What this task involves:
Your answer should be exactly the lines from the one that contains "Data Type Conversion1/1 -> register_control_wet_dry_mix/1" through the final line of the entries below, and nothing else.

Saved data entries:
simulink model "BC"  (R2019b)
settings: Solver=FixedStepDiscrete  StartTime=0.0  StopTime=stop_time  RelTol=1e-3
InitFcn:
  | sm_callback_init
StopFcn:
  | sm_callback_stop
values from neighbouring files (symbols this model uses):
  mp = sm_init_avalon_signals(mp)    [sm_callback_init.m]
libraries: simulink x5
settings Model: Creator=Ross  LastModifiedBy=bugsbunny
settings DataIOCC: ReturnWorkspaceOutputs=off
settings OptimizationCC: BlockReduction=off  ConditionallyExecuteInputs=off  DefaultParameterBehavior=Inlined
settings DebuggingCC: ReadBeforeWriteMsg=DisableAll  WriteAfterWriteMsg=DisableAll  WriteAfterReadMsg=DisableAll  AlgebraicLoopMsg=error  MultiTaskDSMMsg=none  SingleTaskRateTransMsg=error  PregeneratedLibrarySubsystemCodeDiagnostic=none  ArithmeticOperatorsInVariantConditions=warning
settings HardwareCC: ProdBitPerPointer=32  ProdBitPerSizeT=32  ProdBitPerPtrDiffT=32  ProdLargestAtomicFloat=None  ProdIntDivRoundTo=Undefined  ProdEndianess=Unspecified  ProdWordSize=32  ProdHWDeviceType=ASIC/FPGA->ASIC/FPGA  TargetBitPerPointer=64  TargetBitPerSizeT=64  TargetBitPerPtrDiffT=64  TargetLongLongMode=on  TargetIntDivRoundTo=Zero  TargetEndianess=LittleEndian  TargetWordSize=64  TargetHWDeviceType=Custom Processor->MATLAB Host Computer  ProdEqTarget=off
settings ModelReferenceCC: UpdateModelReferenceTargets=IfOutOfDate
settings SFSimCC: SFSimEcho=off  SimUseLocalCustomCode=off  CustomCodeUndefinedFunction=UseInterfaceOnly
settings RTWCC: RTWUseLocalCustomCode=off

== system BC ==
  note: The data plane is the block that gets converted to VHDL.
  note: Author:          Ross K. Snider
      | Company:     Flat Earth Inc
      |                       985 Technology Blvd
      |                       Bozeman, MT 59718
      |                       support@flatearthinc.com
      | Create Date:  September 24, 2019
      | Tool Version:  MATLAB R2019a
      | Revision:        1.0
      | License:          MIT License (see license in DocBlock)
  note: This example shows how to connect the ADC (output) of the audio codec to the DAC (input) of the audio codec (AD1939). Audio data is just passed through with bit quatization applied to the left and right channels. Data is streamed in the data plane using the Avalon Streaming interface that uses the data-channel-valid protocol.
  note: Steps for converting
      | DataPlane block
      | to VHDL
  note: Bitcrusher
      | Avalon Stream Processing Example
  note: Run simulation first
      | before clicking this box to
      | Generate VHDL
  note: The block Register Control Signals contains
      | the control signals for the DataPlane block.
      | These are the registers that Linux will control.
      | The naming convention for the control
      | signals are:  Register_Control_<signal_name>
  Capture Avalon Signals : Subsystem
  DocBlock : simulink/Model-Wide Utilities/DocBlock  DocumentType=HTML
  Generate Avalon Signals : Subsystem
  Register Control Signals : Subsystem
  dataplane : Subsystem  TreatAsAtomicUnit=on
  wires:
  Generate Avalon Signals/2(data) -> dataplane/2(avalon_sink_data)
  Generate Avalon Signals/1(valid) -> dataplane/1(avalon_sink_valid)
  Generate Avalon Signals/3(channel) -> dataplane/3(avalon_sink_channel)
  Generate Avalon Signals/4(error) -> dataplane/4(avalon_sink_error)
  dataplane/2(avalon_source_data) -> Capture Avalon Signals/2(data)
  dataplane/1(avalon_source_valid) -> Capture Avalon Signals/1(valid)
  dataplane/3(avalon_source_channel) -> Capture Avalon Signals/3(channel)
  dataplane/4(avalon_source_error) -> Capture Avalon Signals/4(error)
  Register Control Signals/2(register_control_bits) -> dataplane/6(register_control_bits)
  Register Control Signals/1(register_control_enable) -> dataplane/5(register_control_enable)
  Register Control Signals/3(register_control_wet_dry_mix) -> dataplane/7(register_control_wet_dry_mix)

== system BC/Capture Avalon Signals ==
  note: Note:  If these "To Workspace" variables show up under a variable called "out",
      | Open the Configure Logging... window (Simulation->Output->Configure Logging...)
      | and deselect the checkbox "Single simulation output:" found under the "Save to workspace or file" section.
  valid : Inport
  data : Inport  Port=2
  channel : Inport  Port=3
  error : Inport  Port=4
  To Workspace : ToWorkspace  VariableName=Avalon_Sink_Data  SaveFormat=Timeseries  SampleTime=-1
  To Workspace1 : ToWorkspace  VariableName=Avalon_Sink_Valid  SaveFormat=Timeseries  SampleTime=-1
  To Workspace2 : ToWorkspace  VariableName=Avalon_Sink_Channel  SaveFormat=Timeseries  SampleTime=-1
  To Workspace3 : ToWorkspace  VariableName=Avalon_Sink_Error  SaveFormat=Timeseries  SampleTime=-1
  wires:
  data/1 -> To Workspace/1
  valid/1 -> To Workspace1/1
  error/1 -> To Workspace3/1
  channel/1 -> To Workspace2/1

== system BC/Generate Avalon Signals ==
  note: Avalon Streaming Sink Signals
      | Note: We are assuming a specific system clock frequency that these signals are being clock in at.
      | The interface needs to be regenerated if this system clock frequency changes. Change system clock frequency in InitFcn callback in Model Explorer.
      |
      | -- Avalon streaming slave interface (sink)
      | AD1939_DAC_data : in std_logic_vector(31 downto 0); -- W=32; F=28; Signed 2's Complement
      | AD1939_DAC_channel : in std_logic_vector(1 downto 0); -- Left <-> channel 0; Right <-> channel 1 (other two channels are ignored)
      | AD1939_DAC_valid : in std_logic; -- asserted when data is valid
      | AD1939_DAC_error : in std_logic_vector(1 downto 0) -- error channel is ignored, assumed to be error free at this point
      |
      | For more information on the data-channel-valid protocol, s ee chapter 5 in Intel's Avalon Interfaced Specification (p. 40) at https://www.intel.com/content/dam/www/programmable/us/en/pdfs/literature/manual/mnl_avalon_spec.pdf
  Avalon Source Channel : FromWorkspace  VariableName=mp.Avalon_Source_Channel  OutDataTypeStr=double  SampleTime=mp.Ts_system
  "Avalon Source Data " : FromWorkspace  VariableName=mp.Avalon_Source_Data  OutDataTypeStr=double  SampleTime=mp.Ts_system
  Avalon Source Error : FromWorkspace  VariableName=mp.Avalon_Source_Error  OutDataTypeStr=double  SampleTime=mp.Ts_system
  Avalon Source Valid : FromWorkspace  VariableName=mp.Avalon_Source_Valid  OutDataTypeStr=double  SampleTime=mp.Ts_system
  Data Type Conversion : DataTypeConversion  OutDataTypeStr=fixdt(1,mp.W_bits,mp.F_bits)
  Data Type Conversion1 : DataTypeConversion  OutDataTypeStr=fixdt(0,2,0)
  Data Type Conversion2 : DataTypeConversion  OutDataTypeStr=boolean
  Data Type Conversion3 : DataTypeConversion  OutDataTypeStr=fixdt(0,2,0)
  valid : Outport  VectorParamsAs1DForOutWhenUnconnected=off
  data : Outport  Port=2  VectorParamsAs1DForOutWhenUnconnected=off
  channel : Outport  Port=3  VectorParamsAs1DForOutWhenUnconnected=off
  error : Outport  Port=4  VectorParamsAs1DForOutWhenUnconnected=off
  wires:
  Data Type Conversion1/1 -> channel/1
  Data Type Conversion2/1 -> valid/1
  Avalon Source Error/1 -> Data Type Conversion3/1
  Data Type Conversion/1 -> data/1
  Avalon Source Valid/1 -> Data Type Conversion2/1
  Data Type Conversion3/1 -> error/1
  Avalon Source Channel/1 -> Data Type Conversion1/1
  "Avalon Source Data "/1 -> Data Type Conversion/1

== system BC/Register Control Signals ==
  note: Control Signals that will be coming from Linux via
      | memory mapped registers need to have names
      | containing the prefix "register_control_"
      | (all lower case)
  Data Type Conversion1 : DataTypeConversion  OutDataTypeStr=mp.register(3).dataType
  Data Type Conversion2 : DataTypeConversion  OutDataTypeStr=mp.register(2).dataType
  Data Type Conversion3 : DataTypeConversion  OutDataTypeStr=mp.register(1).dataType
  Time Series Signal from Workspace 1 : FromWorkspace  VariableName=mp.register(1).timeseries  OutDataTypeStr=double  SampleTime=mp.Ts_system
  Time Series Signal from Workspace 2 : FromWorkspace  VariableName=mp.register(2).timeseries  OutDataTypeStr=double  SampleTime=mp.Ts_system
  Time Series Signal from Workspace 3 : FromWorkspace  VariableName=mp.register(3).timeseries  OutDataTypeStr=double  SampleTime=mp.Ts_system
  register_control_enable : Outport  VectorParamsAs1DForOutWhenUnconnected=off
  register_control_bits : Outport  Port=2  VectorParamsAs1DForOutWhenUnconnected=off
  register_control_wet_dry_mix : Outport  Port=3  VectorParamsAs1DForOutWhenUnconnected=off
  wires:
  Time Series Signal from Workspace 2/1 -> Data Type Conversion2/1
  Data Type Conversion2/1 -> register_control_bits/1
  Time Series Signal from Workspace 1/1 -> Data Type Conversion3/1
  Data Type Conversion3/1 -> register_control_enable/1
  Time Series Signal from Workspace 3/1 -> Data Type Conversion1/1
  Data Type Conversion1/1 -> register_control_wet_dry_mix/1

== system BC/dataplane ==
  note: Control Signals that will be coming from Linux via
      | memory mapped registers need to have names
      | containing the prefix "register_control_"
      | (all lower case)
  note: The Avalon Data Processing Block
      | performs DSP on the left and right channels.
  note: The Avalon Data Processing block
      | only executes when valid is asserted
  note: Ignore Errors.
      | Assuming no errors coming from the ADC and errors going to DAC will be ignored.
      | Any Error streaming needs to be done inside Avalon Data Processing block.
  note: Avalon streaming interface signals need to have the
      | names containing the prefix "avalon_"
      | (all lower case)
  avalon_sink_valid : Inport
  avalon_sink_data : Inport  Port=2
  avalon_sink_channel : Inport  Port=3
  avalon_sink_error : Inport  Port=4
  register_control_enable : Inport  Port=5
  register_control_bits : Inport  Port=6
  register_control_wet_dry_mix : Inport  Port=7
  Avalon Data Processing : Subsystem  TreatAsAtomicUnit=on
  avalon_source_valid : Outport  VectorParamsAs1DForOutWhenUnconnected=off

Task result:
  Data Type Conversion1/1 -> register_control_wet_dry_mix/1

== system BC/dataplane ==
  note: Control Signals that will be coming from Linux via
      | memory mapped registers need to have names
      | containing the prefix "register_control_"
      | (all lower case)
  note: The Avalon Data Processing Block
      | performs DSP on the left and right channels.
  note: The Avalon Data Processing block
      | only executes when valid is asserted
  note: Ignore Errors.
      | Assuming no errors coming from the ADC and errors going to DAC will be ignored.
      | Any Error streaming needs to be done inside Avalon Data Processing block.
  note: Avalon streaming interface signals need to have the
      | names containing the prefix "avalon_"
      | (all lower case)
  avalon_sink_valid : Inport
  avalon_sink_data : Inport  Port=2
  avalon_sink_channel : Inport  Port=3
  avalon_sink_error : Inport  Port=4
  register_control_enable : Inport  Port=5
  register_control_bits : Inport  Port=6
  register_control_wet_dry_mix : Inport  Port=7
  Avalon Data Processing : Subsystem  TreatAsAtomicUnit=on
  avalon_source_valid : Outport  VectorParamsAs1DForOutWhenUnconnected=off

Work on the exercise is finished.